WORK TASK:
Where a line contains "(2263621.875, 1220481.21), dxfattribs=at)", start there and write out that line and each one after it, word for word, through the final line of the entries; add nothing else.

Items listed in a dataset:
━━━━━━━━━━

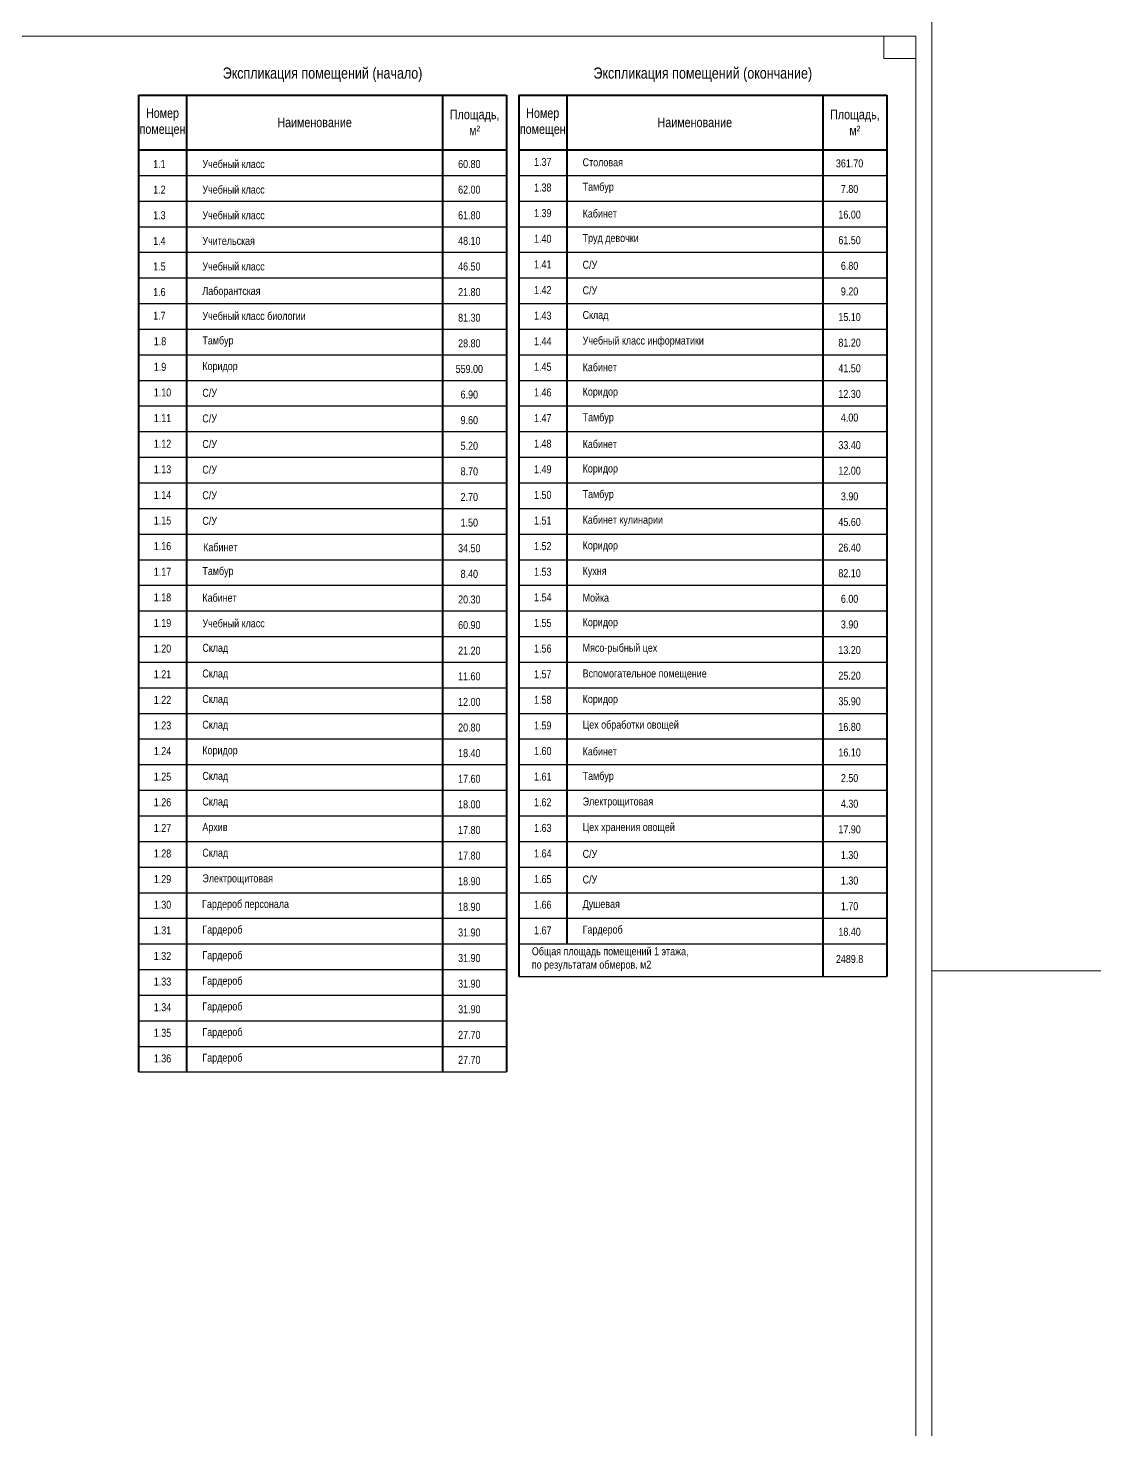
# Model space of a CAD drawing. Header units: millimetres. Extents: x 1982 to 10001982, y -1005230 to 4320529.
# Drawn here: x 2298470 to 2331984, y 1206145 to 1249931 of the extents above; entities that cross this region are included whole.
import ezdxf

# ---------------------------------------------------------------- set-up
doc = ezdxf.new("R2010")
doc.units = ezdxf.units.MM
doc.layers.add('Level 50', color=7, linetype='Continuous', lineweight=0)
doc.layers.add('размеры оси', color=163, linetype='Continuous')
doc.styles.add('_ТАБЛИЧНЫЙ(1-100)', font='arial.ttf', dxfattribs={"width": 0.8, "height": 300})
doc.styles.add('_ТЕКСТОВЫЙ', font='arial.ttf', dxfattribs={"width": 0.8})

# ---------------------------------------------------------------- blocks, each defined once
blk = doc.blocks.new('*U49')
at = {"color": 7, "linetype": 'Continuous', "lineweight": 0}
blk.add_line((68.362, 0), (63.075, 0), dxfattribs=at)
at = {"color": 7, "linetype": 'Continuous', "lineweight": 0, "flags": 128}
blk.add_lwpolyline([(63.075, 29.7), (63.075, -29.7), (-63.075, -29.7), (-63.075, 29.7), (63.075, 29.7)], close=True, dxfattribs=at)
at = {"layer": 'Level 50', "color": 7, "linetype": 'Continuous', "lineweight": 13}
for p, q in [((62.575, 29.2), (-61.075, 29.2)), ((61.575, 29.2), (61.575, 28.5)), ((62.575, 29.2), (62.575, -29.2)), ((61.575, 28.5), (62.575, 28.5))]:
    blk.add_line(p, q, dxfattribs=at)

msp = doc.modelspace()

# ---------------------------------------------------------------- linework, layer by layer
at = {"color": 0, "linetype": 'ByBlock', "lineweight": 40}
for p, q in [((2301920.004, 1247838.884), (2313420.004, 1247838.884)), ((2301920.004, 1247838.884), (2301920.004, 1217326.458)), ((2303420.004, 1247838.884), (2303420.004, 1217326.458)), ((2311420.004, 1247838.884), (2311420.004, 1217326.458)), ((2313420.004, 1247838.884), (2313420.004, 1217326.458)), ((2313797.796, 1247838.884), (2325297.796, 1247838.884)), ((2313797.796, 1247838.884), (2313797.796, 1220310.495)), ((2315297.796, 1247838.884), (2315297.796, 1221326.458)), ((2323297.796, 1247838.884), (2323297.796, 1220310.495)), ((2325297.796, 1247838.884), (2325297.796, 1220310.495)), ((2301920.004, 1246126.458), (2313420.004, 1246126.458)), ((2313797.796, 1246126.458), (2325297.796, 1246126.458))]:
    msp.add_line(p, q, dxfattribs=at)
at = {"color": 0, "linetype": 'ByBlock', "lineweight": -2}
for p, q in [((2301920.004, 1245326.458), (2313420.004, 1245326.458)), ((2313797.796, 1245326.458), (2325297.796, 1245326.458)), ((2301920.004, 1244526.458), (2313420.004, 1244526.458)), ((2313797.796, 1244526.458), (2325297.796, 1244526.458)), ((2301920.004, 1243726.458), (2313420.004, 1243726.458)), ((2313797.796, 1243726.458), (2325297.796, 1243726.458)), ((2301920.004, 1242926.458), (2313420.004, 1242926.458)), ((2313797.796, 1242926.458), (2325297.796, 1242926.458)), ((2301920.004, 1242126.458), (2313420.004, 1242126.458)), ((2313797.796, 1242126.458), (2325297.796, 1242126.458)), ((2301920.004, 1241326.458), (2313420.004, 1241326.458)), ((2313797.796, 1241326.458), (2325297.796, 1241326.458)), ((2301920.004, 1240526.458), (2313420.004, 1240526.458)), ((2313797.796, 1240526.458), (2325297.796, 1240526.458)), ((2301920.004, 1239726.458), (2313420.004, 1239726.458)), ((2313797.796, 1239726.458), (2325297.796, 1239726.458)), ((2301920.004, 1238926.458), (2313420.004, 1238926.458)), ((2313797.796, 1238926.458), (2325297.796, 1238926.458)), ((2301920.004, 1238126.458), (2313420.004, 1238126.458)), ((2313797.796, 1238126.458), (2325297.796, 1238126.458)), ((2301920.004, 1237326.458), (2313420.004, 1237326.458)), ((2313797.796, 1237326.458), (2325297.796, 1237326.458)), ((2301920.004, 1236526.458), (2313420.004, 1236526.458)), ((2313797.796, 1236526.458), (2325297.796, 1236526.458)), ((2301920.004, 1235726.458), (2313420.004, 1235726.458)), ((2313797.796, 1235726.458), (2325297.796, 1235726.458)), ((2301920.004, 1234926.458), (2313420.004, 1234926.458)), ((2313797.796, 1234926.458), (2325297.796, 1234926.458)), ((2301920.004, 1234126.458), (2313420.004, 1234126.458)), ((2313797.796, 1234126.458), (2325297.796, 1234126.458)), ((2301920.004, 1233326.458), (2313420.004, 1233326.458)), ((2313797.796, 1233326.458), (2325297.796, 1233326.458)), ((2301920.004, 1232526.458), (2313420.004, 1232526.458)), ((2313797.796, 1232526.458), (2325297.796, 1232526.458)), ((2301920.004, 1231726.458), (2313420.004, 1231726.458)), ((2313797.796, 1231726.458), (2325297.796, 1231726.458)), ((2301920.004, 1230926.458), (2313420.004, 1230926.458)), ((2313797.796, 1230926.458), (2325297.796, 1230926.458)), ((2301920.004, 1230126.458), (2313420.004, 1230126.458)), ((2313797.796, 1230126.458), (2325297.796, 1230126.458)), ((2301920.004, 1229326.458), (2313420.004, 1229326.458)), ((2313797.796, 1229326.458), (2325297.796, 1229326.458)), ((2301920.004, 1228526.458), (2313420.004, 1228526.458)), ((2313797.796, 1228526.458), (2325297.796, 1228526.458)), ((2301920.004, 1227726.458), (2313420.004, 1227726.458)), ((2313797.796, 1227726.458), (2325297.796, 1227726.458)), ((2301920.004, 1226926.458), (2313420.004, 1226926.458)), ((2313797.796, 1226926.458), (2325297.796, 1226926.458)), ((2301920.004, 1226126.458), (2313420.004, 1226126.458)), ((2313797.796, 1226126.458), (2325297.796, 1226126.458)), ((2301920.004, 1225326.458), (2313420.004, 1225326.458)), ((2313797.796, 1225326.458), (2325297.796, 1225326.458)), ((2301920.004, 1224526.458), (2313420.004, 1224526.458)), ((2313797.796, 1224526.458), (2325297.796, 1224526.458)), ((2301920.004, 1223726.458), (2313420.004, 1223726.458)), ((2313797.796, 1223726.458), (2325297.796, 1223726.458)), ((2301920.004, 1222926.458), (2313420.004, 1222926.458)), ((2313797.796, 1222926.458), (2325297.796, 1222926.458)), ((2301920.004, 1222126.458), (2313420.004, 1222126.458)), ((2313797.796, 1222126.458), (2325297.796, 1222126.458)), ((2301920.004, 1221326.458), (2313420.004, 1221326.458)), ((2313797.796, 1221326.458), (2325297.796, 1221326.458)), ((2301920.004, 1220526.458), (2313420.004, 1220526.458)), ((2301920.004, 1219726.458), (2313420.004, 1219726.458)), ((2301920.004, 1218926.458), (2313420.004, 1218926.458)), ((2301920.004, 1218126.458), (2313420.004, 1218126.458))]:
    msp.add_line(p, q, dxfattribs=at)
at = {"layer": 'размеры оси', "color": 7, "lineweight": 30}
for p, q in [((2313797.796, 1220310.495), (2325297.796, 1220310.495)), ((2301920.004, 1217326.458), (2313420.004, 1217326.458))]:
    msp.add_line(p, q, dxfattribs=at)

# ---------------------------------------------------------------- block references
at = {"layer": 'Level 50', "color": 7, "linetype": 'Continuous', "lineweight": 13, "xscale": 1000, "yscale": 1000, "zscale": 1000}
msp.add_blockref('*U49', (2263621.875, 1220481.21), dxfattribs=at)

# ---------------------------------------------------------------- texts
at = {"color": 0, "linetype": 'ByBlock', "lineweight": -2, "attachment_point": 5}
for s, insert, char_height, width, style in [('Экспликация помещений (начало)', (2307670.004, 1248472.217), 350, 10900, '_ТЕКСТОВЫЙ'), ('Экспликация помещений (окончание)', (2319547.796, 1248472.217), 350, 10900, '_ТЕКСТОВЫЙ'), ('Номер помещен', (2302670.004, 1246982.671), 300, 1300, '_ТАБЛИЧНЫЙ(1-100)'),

━━━━━━━━━━

EXERCISE RESPONSE:
msp.add_blockref('*U49', (2263621.875, 1220481.21), dxfattribs=at)

# ---------------------------------------------------------------- texts
at = {"color": 0, "linetype": 'ByBlock', "lineweight": -2, "attachment_point": 5}
for s, insert, char_height, width, style in [('Экспликация помещений (начало)', (2307670.004, 1248472.217), 350, 10900, '_ТЕКСТОВЫЙ'), ('Экспликация помещений (окончание)', (2319547.796, 1248472.217), 350, 10900, '_ТЕКСТОВЫЙ'), ('Номер помещен', (2302670.004, 1246982.671), 300, 1300, '_ТАБЛИЧНЫЙ(1-100)'),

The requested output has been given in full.